# [Extracted data]
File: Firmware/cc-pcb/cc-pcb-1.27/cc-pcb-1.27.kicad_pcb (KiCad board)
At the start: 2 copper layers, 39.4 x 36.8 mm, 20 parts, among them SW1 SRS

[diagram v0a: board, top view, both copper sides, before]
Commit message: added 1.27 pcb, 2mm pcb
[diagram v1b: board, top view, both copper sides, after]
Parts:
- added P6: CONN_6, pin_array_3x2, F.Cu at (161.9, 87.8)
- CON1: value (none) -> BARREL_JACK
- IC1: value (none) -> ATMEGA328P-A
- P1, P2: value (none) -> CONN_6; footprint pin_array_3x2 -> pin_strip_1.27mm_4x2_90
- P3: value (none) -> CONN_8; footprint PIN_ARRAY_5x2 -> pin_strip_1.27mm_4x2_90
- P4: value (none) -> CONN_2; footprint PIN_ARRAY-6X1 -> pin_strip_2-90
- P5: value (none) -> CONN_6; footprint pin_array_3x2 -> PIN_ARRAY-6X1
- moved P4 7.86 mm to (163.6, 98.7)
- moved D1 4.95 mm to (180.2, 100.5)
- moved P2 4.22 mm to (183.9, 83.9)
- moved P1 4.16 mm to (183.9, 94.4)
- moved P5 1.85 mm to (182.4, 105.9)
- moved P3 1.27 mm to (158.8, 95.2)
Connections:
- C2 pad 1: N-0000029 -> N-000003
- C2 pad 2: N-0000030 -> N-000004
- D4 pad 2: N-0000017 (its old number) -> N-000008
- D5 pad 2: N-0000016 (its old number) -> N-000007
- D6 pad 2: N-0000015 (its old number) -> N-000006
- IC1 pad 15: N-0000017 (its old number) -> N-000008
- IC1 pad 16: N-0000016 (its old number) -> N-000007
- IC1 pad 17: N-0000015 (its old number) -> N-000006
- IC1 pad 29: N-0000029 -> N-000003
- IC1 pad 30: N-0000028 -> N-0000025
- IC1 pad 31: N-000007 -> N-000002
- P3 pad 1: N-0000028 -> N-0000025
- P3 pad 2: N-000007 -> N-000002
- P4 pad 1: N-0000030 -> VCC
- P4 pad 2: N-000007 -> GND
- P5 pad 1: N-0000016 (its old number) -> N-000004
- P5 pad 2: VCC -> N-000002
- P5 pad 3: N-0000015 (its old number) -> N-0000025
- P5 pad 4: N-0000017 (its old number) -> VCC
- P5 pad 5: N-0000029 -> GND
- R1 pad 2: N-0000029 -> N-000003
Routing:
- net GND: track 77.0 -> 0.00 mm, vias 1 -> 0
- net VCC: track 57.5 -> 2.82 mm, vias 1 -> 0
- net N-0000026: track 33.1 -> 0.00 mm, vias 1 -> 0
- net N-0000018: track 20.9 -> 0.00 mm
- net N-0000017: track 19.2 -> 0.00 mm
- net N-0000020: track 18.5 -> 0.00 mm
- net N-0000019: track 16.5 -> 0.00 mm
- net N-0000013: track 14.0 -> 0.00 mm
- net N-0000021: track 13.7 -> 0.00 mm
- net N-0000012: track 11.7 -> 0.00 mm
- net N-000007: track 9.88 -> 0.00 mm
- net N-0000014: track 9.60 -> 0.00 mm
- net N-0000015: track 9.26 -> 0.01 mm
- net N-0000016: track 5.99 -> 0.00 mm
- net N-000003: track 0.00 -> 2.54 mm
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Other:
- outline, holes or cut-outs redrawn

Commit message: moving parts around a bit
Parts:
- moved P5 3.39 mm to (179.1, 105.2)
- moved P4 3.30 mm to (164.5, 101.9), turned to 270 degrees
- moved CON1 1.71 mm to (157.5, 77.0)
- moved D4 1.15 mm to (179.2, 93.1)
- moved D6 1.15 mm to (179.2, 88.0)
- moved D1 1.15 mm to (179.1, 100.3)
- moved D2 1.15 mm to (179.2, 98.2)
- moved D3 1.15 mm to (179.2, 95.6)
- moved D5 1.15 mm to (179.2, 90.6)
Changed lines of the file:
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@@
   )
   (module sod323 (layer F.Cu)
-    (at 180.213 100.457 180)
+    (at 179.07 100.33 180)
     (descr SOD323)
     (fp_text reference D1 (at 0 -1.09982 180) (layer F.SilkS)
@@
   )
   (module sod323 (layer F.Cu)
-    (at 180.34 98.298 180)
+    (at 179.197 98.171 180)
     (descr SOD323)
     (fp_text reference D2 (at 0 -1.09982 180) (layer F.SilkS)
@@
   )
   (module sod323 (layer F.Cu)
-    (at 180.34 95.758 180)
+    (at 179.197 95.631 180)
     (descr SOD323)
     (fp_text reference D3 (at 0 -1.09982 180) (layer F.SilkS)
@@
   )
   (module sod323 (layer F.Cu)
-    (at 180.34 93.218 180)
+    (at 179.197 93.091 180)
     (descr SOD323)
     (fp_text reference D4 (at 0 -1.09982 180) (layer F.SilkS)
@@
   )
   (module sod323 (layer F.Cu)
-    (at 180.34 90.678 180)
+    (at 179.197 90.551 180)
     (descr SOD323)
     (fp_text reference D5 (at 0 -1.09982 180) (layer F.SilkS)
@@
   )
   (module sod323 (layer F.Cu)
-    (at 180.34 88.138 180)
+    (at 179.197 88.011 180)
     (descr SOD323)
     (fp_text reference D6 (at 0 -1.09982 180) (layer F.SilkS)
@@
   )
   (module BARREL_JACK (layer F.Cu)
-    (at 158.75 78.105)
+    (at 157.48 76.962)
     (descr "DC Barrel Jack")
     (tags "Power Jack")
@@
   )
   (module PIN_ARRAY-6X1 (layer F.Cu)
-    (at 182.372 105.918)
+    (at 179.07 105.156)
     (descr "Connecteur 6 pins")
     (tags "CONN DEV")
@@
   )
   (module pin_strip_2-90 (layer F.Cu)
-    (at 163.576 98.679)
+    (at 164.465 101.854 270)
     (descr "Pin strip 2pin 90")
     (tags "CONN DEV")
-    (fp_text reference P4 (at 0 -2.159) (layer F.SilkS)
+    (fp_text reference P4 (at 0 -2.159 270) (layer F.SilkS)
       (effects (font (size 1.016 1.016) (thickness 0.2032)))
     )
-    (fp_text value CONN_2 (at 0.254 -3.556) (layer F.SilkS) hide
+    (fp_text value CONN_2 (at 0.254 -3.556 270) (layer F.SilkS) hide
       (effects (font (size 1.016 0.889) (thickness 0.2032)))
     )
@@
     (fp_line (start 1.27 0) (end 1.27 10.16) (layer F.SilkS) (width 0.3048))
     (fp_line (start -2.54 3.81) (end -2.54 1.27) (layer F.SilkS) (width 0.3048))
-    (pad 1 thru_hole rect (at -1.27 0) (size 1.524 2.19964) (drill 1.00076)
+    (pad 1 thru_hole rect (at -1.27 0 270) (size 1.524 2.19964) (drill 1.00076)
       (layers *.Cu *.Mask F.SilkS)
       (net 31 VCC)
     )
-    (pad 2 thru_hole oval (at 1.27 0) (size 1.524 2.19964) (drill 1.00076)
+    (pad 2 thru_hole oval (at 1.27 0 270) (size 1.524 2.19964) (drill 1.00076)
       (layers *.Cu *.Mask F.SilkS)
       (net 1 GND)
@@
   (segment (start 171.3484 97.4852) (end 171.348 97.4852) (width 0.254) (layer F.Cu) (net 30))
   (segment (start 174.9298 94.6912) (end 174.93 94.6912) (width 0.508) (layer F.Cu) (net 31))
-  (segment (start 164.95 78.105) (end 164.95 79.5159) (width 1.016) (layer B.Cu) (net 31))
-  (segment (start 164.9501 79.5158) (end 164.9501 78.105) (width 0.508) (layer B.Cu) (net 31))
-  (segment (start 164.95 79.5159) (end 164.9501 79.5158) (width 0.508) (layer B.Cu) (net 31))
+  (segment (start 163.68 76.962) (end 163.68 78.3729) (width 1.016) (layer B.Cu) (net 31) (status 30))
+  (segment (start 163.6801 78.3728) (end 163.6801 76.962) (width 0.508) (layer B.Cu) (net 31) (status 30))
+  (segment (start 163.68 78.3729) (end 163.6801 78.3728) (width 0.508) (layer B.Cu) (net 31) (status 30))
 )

# [Your task]
Within the material above, the line with "- net N-0000020: track 18.5 -> 0.00 mm" opens the range and the line with "180.213 100.457 180)" closes it; reproduce that range word for word.

# [Solution]
- net N-0000020: track 18.5 -> 0.00 mm
- net N-0000019: track 16.5 -> 0.00 mm
- net N-0000013: track 14.0 -> 0.00 mm
- net N-0000021: track 13.7 -> 0.00 mm
- net N-0000012: track 11.7 -> 0.00 mm
- net N-000007: track 9.88 -> 0.00 mm
- net N-0000014: track 9.60 -> 0.00 mm
- net N-0000015: track 9.26 -> 0.01 mm
- net N-0000016: track 5.99 -> 0.00 mm
- net N-000003: track 0.00 -> 2.54 mm
Other:
- outline, holes or cut-outs redrawn

Commit message: moving parts around a bit
Parts:
- moved P5 3.39 mm to (179.1, 105.2)
- moved P4 3.30 mm to (164.5, 101.9), turned to 270 degrees
- moved CON1 1.71 mm to (157.5, 77.0)
- moved D4 1.15 mm to (179.2, 93.1)
- moved D6 1.15 mm to (179.2, 88.0)
- moved D1 1.15 mm to (179.1, 100.3)
- moved D2 1.15 mm to (179.2, 98.2)
- moved D3 1.15 mm to (179.2, 95.6)
- moved D5 1.15 mm to (179.2, 90.6)
Changed lines of the file:
@@
   )
   (module sod323 (layer F.Cu)
-    (at 180.213 100.457 180)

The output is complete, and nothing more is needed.